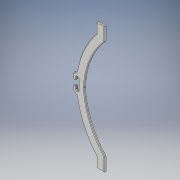
# Autodesk Inventor part: Baseplate_aussen
Saved by Autodesk Inventor 2018 (Build 220112000, 112)
## iProperties
Created: 2020-01-15
Part Number: Baseplate_aussen
Material: Generisch
Document SubType Name: Modeling
Designer: maxse
Density: 1 g/cm^3
Appearance: Vorgabe
Author: maxse
Autodesk Inventor part; units mm, degrees
ref_plane "YZ Plane" through (0, 0, 0) normal (1, 0, 0) x (0, 1, 0)
ref_plane "XZ Plane" through (0, 0, 0) normal (0, 1, 0) x (-1, 0, 0)
ref_plane "XY Plane" through (0, 0, 0) normal (0, 0, 1) x (1, 0, 0)
sketch "Skizze1" plane through (0, 0, 0) normal (0, 1, 0) x (-1, 0, 0)
  arc A0 (39, 0) -> (0, 95) centre (-110.879, -6.024) ccw
  line L0 (0, 95) -> (0, 120)
  line L1 (0, 120) -> (15, 120)
  line L2 (15, 120) -> (15, 100.6336)
  arc A1 (54, 0) -> (15, 100.6336) centre (-110.879, -6.024) ccw
  line L3 (39, 0) -> (54, 0)
  line L4 (0, 0) -> (39, 0)
  line L5 (59, 0) -> (59, 15)
  line L6 (59, 15) -> (52.765, 15)
  line L7 (59, 0) -> (54, 0)
  dimension "d0" = 25
  dimension "d2" = 15
  dimension "d4" = 54
  dimension "d5" = 0
  dimension "d6" = 120
  dimension "d7" = 150
  dimension "d9" = 5
  dimension "d10" = 15
  dimension "d11" = 15
  constraints: 16 end point, 6 point on circle, 3 perpendicular, 2 centre point, 2 horizontal, 2 vertical, 1 collinear, 1 concentric
  measures "d0" distance of L0.start L0.end
  measures "d2" distance of L0.end L1.end
  measures "d4" distance of L3.end L4.start
  measures "d5" distance from line of L4.start L0
  measures "d6" distance from line of L4.start L1
  measures "d7" radius of A0
  measures "d9" distance of L3.end L5.start
  measures "d10" distance of L3.end L3.start
  measures "d11" distance of L5.start L5.end
extrude "Extrusion1" add sketch "Skizze1" along normal blind 4
mirror "Spiegeln1" about plane through (-54, 0, 0) normal (0, 0, -1) of "Extrusion1"
sketch "Skizze2" plane through (0, 0, 0) normal (0, -1, 0) x (1, 0, 0)
  line L0 (-59, 15) -> (-59, -15) projected
  line L1 (-59, -5) -> (-54, -5)
  line L2 (-54, -5) -> (-54, -9.5)
  line L3 (-59, 5) -> (-54, 5)
  line L4 (-54, 5) -> (-54, 9.5)
  line L5 (-49, -9.5) -> (-49, 9.5)
  arc A0 (-49, 9.5) -> (-54, 9.5) centre (-51.5, 9.5) ccw
  arc A1 (-54, -9.5) -> (-49, -9.5) centre (-51.5, -9.5) ccw
  point P0 (0, 0)
  dimension "d15" = 10
  dimension "d16" = 5
  dimension "d17" = 10
  dimension "d18" = 5
  dimension "d19" = 5
  dimension "d20" = 24
  dimension "d21" = 4.5
  constraints: 10 end point, 4 point on circle, 4 tangent, 2 centre point, 2 horizontal, 2 point on line, 2 vertical, 1 perpendicular
  measures "d15" distance between parallel lines of L5 L0
  measures "d16" distance between parallel lines of L5 L2
  measures "d17" distance between parallel lines of L3 L1
  measures "d18" distance of L3.start L3.end
  measures "d19" distance from line of point (0, 0) L3
  measures "d21" distance from line of L1 A1.centre
extrude "Extrusion2" cut sketch "Skizze2" against normal blind 4
fillet "Rundung1" radius 10 3 edges at (-52.765, 2, -15) (-52.765, 2, 15) (-39, 2, 0)
fillet "Rundung2" radius 1 46 edges at (-7.5, 4, -120) (0, 4, -107.5) (-15, 4, -110.3168) (-7.5, 0, -120) (0, 0, -107.5) (-15, 0, -110.3168) (-54.0935, 4, -17.8718) (-38.4134, 4, -64.2123) (-54.0935, 0, -17.8718) (-38.4134, 0, -64.2123) (-38.9913, 4, 0) (-27.8012, 4, 51.1406) (-27.8012, 4, -51.1406) (-38.9913, 0, 0) (-27.8012, 0, 51.1406) (-27.8012, 0, -51.1406) (-54.0935, 4, 17.8718) (-38.4134, 4, 64.2123) (-54.0935, 0, 17.8718) (-38.4134, 0, 64.2123) (-59, 4, 10) (-59, 0, 10) (-59, 0, -10) (-59, 4, -10) (-59, 2, -5) (-59, 2, 5) (-54, 2, 5) (-54, 2, -5) (-56.5, 4, -5) (-56.5, 4, 5) (-51.5, 4, 12) (-54, 4, 7.25) (-51.5, 4, -12) (-54, 4, -7.25) (-49, 4, 0) (-51.5, 0, -12) (-54, 0, -7.25) (-51.5, 0, 12) (-54, 0, 7.25) (-49, 0, 0) (-15, 4, 110.3168) (-15, 0, 110.3168) (-7.5, 4, 120) (-7.5, 0, 120) (0, 0, 107.5) (0, 4, 107.5)
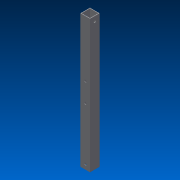
# Autodesk Inventor part: BAseBAr
Saved by Autodesk Inventor 2013 (Build 170138000, 138)
## iProperties
Created: 2013-07-20
Part Number: BAseBAr
Material: Aluminum 6061
Document SubType Name: Modeling
Designer: robotics
Density: 1 g/cm^3
Author: robotics
Autodesk Inventor part; units mm, degrees
ref_plane "YZ Plane" through (0, 0, 0) normal (1, 0, 0) x (0, 1, 0)
ref_plane "XZ Plane" through (0, 0, 0) normal (0, 1, 0) x (-1, 0, 0)
ref_plane "XY Plane" through (0, 0, 0) normal (0, 0, 1) x (1, 0, 0)
sketch "Sketch1" plane through (0, 0, 0) normal (0, 1, 0) x (-1, 0, 0)
  line L0 (-12.7, -12.7) -> (12.7, -12.7)
  line L1 (12.7, -12.7) -> (12.7, 12.7)
  line L2 (12.7, 12.7) -> (-12.7, 12.7)
  line L3 (-12.7, 12.7) -> (-12.7, -12.7)
  line L4 (-12.7, -12.7) -> (12.7, 12.7) construction
  line L5 (12.7, -12.7) -> (-12.7, 12.7) construction
  line L6 (-10.9728, -10.9728) -> (10.9728, -10.9728)
  line L7 (10.9728, -10.9728) -> (10.9728, 10.9728)
  line L8 (10.9728, 10.9728) -> (-10.9728, 10.9728)
  line L9 (-10.9728, 10.9728) -> (-10.9728, -10.9728)
  line L10 (-10.9728, -10.9728) -> (10.9728, 10.9728) construction
  line L11 (10.9728, -10.9728) -> (-10.9728, 10.9728) construction
  point P0 (0, 0)
  dimension "d0" = 25.4
  dimension "d2" = 25.4
  dimension "d3" = 1.7272
  dimension "d4" = 1.7272
  constraints: 24 end point, 4 midpoint, 4 parallel, 2 horizontal, 2 perpendicular
  measures "d0" distance of L1.end L2.end
  measures "d2" distance of L2.end L0.start
  measures "d3" distance between parallel lines of L8 L2
  measures "d4" distance between parallel lines of L1 L7
extrude "Extrusion1" add sketch "Sketch1" along normal blind 352.425
sketch "Sketch2" plane through (12.7, 0, 12.7) normal (1, 0, 0) x (0, 0, -1)
  line L0 (0, 352.425) -> (25.4, 352.425) projected
  line L1 (0, 0) -> (0, 352.425) projected
  point P0 (12.7, 0)
  point P1 (12.7, 339.725)
  dimension "d7" = 12.7
  dimension "d8" = 12.7
  measures "d7" distance from line of L0 point (12.7, 339.725)
  measures "d8" distance from line of point (12.7, 339.725) L1
hole "Hole1" at (12.7, 339.725, 0) direction (-1, 0, 0) diameter 6.35 end through all
sketch "Sketch4" plane through (-12.7, 0, 12.7) normal (0, 0, 1) x (1, 0, 0)
  line L0 (0, 0) -> (25.4, 0) projected
  line L1 (25.4, 0) -> (25.4, 352.425) projected
  point P0 (12.7, 0)
  point P1 (12.7, 12.7)
  dimension "d25" = 12.7
  dimension "d26" = 12.7
  measures "d25" distance from line of L1 point (12.7, 12.7)
  measures "d26" distance from line of L0 point (12.7, 12.7)
hole "Hole3" at (0, 12.7, 12.7) direction (0, 0, -1) diameter 6.35 end through all
sketch "Sketch5" plane through (12.7, 0, -12.7) normal (0, 0, -1) x (-1, 0, 0)
  line L0 (0, 0) -> (25.4, 0) projected
  line L1 (25.4, 0) -> (25.4, 352.425) projected
  line L2 (0, 352.425) -> (25.4, 352.425) projected
  point P0 (12.7, 0)
  point P1 (12.7, 203.2)
  point P2 (12.7, 152.4)
  dimension "d34" = 50.8
  dimension "d36" = 152.4
  dimension "d38" = 149.225
  dimension "d39" = 352.425
  dimension "d40" = 12.7
  dimension "d41" = 12.7
  measures "d34" distance of point (12.7, 152.4) point (12.7, 203.2)
  measures "d36" distance from line of L0 point (12.7, 152.4)
  measures "d38" distance from line of point (12.7, 203.2) L2
  measures "d39" distance of L0.end L1.end
  measures "d40" distance from line of L1 point (12.7, 152.4)
  measures "d41" distance from line of L1 point (12.7, 203.2)
hole "Hole4" at (0, 203.2, -12.7) at (0, 152.4, -12.7) direction (0, 0, 1) diameter 6.35 end through all
body "Solid1"
★ ★ ★ ★ ★
**Work to be completed**
For the listing above, give the number of lines that contain the string "direction" and nothing else.

**Exercise solution**
3